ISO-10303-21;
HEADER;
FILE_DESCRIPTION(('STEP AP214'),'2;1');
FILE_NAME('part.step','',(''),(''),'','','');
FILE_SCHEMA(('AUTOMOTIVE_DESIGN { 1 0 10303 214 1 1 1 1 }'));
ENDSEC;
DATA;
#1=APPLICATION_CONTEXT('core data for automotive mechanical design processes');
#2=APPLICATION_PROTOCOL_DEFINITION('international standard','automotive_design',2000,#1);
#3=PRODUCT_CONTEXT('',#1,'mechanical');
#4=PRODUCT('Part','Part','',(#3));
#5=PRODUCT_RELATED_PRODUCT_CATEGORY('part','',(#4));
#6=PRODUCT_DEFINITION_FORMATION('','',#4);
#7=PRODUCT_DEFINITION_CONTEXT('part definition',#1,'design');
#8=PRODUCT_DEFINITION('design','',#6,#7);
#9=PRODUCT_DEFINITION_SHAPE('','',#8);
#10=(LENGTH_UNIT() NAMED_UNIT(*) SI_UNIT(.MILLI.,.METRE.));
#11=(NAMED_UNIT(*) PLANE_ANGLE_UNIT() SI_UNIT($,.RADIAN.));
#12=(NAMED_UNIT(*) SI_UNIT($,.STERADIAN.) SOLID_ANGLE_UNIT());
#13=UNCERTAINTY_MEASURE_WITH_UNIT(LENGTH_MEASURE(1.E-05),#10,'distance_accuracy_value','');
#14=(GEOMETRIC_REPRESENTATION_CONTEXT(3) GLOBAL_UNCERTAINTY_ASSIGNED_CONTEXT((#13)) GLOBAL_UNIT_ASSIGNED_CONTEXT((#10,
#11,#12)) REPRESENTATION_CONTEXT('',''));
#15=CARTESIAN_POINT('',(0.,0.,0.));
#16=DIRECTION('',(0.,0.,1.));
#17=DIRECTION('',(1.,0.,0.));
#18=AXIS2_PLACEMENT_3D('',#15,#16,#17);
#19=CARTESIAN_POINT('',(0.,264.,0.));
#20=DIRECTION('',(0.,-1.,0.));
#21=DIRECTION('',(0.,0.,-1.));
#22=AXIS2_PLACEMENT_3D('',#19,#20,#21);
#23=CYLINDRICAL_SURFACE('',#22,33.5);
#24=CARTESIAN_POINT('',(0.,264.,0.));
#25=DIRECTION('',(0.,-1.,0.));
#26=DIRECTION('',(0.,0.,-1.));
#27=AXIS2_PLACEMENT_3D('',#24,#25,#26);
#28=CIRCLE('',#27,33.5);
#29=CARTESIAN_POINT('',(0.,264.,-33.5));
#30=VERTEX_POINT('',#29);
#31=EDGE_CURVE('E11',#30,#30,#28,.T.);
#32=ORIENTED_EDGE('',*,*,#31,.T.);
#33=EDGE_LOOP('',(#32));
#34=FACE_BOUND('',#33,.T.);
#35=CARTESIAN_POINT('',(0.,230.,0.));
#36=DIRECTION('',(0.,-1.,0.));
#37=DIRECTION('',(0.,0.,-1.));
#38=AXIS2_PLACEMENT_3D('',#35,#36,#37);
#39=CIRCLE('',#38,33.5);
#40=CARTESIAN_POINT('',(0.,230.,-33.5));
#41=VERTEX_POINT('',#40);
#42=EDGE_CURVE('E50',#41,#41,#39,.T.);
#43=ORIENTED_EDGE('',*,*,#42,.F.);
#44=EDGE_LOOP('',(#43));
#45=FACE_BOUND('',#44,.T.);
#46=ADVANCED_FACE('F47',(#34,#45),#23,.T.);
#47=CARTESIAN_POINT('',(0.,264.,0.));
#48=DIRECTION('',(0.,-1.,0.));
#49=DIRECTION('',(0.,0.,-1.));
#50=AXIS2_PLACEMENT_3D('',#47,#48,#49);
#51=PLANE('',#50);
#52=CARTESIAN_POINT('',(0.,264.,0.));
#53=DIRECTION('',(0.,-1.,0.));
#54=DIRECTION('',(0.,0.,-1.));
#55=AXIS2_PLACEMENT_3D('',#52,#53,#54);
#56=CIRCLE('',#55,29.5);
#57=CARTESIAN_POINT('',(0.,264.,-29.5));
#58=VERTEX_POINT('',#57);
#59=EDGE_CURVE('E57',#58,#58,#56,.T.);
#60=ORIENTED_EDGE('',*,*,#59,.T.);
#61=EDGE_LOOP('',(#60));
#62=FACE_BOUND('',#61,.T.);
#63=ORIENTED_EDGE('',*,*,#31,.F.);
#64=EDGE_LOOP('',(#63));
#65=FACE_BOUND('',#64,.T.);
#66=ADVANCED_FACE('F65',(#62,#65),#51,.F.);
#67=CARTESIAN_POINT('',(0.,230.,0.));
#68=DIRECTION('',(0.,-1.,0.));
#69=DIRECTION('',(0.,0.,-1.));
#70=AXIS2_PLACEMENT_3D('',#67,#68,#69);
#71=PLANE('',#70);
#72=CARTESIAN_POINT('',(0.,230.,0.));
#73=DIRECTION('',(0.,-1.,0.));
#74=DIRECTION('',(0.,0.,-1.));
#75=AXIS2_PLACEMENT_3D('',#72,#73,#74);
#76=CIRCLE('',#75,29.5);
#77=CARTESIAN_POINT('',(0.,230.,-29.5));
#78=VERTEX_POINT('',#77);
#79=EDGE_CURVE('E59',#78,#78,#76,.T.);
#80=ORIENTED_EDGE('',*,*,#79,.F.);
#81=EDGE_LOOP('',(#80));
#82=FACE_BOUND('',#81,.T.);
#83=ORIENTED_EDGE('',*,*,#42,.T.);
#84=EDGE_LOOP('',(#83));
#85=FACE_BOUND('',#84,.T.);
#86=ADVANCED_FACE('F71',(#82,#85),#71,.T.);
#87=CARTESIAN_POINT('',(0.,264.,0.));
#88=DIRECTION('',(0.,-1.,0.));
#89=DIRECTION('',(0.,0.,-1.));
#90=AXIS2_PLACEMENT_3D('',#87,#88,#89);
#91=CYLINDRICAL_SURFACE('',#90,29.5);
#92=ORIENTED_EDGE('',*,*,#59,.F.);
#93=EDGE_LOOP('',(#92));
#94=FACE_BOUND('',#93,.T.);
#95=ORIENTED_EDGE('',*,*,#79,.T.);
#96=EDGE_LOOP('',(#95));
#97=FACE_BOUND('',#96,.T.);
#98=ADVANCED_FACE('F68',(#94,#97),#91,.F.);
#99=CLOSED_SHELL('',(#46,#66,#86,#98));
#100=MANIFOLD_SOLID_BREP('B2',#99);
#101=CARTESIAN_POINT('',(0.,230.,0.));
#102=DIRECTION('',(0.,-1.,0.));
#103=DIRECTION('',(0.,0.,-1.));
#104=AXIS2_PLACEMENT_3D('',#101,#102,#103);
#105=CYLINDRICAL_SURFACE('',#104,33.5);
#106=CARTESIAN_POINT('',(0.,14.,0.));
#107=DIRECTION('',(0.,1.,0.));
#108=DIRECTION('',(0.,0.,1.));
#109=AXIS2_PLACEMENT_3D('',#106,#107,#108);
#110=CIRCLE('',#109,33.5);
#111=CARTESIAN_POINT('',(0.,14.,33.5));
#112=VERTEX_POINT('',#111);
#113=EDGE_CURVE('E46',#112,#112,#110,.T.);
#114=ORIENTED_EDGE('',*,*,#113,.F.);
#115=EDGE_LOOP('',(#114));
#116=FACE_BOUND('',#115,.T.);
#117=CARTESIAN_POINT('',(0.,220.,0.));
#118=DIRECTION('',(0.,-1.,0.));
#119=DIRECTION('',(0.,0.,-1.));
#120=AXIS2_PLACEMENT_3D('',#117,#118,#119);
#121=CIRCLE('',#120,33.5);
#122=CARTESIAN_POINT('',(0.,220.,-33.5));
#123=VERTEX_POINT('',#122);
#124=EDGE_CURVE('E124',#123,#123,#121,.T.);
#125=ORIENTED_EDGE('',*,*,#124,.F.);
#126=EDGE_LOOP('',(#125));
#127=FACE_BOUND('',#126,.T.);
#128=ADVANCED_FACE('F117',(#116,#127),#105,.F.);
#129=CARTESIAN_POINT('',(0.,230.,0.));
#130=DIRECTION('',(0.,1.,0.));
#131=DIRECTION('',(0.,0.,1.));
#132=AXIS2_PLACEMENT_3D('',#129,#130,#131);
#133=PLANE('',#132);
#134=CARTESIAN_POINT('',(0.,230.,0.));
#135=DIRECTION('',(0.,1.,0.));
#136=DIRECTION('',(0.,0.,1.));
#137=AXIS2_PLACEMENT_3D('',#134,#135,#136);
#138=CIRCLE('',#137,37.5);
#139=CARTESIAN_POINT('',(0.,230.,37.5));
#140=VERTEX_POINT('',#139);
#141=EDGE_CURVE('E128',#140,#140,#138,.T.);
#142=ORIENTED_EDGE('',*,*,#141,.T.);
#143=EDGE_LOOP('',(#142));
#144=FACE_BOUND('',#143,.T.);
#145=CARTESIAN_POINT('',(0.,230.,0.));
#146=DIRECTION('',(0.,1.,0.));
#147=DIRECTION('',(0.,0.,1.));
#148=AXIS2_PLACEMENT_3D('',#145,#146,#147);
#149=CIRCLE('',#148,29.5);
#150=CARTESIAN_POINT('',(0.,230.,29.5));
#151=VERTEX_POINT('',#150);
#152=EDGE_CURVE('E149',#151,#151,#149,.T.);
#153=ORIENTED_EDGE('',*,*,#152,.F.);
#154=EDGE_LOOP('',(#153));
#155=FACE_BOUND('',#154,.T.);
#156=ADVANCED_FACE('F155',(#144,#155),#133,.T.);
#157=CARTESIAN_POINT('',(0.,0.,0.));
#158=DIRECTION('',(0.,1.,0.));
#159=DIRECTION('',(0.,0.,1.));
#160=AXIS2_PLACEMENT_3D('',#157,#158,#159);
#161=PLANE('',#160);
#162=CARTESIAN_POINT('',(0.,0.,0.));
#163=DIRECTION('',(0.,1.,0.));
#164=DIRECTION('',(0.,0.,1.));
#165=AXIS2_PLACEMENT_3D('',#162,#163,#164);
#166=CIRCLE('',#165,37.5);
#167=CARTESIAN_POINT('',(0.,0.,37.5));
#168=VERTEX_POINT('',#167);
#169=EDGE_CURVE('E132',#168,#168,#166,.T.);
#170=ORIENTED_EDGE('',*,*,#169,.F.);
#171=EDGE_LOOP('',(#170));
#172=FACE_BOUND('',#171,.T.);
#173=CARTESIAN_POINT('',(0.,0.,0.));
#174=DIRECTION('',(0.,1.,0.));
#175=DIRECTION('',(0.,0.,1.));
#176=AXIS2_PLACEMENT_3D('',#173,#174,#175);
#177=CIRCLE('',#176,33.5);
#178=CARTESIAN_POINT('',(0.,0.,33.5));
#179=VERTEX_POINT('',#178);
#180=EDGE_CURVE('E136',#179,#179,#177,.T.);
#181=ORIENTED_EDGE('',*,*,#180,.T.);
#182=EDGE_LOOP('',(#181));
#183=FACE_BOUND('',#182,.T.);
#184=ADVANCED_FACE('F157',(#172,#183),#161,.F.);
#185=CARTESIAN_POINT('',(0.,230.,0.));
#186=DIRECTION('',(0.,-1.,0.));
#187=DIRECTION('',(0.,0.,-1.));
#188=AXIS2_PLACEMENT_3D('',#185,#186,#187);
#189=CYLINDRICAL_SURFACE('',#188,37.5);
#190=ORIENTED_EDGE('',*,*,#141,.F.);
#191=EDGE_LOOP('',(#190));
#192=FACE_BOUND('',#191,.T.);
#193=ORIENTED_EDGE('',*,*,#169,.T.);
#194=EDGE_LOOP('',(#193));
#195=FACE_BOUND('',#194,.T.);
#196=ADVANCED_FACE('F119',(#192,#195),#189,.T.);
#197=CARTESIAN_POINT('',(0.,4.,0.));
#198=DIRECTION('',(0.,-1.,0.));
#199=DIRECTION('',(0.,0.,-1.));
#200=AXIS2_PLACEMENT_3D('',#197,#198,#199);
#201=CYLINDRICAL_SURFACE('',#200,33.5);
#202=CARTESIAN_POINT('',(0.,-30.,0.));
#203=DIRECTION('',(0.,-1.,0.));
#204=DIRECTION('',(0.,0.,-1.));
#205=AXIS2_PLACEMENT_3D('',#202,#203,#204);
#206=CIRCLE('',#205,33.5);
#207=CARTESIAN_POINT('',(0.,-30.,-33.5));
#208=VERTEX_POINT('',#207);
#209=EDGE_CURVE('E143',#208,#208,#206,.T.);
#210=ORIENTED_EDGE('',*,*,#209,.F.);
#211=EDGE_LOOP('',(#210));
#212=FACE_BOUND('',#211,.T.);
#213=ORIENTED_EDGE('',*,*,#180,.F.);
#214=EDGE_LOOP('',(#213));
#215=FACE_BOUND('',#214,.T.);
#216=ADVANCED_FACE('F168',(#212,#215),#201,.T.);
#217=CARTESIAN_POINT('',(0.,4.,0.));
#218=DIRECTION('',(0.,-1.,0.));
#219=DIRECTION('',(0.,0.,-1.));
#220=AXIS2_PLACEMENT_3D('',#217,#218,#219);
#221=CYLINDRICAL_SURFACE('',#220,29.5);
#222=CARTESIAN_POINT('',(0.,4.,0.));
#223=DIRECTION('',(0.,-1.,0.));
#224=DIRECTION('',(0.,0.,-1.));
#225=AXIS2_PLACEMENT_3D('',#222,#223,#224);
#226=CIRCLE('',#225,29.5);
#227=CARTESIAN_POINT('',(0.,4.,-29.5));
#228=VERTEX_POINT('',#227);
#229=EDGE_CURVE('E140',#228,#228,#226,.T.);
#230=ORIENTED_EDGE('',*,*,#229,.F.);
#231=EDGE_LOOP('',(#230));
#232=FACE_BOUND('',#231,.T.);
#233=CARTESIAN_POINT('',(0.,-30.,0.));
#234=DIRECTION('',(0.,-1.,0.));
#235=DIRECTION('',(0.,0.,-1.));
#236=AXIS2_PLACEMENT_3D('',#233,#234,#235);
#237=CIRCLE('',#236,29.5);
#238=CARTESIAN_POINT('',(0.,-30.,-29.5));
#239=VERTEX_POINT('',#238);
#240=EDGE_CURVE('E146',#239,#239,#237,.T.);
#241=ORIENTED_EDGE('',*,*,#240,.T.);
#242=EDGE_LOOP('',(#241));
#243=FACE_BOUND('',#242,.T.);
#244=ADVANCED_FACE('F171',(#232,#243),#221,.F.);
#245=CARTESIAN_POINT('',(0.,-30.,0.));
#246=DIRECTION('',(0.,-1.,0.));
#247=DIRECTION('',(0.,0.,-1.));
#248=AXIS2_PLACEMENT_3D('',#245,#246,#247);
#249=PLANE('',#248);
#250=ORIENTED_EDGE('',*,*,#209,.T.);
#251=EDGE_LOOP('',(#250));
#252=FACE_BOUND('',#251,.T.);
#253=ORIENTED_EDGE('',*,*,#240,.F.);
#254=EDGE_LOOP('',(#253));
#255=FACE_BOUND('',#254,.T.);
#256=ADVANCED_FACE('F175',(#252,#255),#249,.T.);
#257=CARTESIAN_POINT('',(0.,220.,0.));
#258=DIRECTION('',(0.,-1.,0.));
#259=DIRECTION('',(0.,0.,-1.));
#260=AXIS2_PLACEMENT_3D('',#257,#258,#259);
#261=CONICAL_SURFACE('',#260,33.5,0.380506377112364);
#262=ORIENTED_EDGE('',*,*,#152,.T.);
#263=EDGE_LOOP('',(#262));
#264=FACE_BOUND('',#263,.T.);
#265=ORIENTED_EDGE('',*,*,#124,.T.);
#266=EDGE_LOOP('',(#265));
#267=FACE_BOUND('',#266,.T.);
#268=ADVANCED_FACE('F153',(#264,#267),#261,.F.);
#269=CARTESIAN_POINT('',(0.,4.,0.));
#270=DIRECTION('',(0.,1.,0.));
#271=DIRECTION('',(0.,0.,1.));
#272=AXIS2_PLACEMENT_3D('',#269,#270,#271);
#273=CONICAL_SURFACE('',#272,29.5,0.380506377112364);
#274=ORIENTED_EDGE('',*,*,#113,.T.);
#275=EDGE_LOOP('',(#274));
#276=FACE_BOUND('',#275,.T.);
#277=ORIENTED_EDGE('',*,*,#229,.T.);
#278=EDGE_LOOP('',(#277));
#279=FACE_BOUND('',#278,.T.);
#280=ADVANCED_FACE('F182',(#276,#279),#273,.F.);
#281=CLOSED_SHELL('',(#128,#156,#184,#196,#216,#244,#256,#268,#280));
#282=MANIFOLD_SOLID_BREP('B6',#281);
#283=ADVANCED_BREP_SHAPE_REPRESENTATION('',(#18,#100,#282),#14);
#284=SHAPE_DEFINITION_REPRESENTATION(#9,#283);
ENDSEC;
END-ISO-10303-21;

☆ ☆ ☆ ☆

* [ASSIGNMENT]:
The line above containing "#190=ORIENTED_EDGE('',*,*,#141,.F.);", the line containing "#198=DIRECTION('',(0.,-1.,0.));", and every line between them are to be transcribed exactly; no other line is wanted.

* [RESPONSE AREA]:
#190=ORIENTED_EDGE('',*,*,#141,.F.);
#191=EDGE_LOOP('',(#190));
#192=FACE_BOUND('',#191,.T.);
#193=ORIENTED_EDGE('',*,*,#169,.T.);
#194=EDGE_LOOP('',(#193));
#195=FACE_BOUND('',#194,.T.);
#196=ADVANCED_FACE('F119',(#192,#195),#189,.T.);
#197=CARTESIAN_POINT('',(0.,4.,0.));
#198=DIRECTION('',(0.,-1.,0.));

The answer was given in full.